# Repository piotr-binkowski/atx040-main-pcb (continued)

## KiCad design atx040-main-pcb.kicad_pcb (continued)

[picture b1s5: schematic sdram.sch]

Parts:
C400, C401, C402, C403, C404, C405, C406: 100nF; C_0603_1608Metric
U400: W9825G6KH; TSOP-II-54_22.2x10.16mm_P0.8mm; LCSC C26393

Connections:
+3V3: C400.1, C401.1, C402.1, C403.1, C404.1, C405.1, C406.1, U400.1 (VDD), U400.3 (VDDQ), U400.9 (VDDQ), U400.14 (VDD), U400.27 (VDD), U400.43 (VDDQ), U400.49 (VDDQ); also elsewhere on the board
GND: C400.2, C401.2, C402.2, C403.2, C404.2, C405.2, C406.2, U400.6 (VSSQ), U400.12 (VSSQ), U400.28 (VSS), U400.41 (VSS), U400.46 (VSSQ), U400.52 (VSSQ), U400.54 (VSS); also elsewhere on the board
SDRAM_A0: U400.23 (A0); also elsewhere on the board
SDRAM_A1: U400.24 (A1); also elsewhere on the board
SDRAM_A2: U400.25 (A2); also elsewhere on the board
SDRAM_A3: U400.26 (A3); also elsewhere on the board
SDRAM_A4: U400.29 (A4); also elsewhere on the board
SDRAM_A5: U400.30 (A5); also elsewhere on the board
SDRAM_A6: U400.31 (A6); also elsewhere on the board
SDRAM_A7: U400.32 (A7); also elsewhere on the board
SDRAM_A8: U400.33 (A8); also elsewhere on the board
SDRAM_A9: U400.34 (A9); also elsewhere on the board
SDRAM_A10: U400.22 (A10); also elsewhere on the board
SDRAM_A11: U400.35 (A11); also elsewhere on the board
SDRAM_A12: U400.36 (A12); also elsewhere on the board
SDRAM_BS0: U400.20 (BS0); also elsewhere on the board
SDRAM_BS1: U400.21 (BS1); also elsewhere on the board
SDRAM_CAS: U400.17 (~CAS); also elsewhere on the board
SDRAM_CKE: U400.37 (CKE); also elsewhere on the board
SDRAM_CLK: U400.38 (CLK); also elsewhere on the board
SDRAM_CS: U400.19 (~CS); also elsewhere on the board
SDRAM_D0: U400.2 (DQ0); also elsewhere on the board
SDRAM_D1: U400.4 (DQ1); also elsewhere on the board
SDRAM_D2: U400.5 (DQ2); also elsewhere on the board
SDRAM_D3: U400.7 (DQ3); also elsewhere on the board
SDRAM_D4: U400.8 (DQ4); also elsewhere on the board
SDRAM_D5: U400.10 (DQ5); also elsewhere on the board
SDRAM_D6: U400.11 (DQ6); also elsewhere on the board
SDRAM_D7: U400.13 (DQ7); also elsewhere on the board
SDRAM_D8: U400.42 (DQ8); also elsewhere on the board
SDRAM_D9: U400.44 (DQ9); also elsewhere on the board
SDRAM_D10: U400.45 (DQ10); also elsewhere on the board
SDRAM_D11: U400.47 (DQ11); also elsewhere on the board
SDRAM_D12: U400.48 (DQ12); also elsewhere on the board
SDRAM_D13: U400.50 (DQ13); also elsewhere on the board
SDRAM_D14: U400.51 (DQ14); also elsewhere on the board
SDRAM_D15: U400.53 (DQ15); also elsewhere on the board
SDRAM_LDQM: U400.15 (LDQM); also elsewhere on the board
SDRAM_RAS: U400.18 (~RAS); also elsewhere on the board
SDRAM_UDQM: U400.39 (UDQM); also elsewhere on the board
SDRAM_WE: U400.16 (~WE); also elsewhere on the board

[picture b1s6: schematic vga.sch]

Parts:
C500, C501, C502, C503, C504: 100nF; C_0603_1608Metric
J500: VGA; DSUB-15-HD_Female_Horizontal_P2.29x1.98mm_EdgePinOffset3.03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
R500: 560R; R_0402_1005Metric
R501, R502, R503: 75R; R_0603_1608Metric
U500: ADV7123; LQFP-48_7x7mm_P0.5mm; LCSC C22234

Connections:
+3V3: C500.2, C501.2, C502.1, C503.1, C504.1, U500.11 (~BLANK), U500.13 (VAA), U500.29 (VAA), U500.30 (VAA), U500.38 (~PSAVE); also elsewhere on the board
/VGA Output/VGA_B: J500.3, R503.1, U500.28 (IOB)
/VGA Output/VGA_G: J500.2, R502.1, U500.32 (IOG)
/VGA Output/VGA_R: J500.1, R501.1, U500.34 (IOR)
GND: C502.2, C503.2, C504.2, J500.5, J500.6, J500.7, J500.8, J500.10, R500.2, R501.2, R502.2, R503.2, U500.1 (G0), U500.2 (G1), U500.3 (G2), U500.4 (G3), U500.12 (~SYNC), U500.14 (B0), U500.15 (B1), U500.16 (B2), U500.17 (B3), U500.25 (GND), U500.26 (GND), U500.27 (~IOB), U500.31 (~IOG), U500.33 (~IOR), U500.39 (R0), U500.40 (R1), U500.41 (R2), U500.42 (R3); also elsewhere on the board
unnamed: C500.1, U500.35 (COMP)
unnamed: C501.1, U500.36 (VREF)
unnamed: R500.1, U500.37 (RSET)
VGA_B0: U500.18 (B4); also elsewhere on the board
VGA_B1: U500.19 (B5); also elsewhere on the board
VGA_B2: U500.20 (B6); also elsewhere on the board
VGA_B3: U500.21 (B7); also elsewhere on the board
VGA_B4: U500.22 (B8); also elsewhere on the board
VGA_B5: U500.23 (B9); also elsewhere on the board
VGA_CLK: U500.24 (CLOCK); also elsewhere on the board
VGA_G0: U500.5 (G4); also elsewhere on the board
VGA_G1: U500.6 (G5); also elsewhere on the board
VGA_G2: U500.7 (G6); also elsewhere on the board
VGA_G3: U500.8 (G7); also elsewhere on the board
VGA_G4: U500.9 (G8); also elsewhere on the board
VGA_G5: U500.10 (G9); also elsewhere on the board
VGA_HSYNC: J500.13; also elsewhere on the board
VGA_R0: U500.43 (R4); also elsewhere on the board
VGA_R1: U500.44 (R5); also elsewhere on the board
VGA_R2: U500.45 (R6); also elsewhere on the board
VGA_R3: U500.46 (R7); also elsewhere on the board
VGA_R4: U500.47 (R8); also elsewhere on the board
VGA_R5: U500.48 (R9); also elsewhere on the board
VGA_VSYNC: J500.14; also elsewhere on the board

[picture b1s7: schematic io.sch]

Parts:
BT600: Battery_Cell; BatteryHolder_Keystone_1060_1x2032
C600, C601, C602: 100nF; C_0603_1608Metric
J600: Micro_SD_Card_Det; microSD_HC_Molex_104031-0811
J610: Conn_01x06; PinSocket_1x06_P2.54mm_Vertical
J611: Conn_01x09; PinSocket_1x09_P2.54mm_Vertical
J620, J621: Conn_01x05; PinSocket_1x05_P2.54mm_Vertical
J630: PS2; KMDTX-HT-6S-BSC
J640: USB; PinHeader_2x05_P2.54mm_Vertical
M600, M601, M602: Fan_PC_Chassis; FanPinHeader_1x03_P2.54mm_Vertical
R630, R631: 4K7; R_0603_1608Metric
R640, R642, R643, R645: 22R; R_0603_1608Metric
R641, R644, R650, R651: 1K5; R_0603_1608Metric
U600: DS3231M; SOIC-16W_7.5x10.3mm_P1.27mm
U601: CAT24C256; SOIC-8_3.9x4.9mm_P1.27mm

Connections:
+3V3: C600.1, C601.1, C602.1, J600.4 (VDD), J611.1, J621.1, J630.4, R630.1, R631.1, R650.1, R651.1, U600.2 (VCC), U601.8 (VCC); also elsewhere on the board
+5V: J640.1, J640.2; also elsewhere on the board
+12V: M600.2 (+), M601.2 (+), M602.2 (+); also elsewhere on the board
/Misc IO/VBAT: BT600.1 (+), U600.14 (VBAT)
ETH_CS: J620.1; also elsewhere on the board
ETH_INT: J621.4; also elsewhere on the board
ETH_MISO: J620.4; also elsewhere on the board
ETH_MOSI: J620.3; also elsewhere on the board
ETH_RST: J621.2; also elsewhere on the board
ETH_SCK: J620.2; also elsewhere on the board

_Exercise directions_: Find the line that contains "ETH_CS: J620.1; also elsewhere on the board". Repeat it and every line after it, exactly as written, up to and including the last line of the records above.

_Written response_:
ETH_CS: J620.1; also elsewhere on the board
ETH_INT: J621.4; also elsewhere on the board
ETH_MISO: J620.4; also elsewhere on the board
ETH_MOSI: J620.3; also elsewhere on the board
ETH_RST: J621.2; also elsewhere on the board
ETH_SCK: J620.2; also elsewhere on the board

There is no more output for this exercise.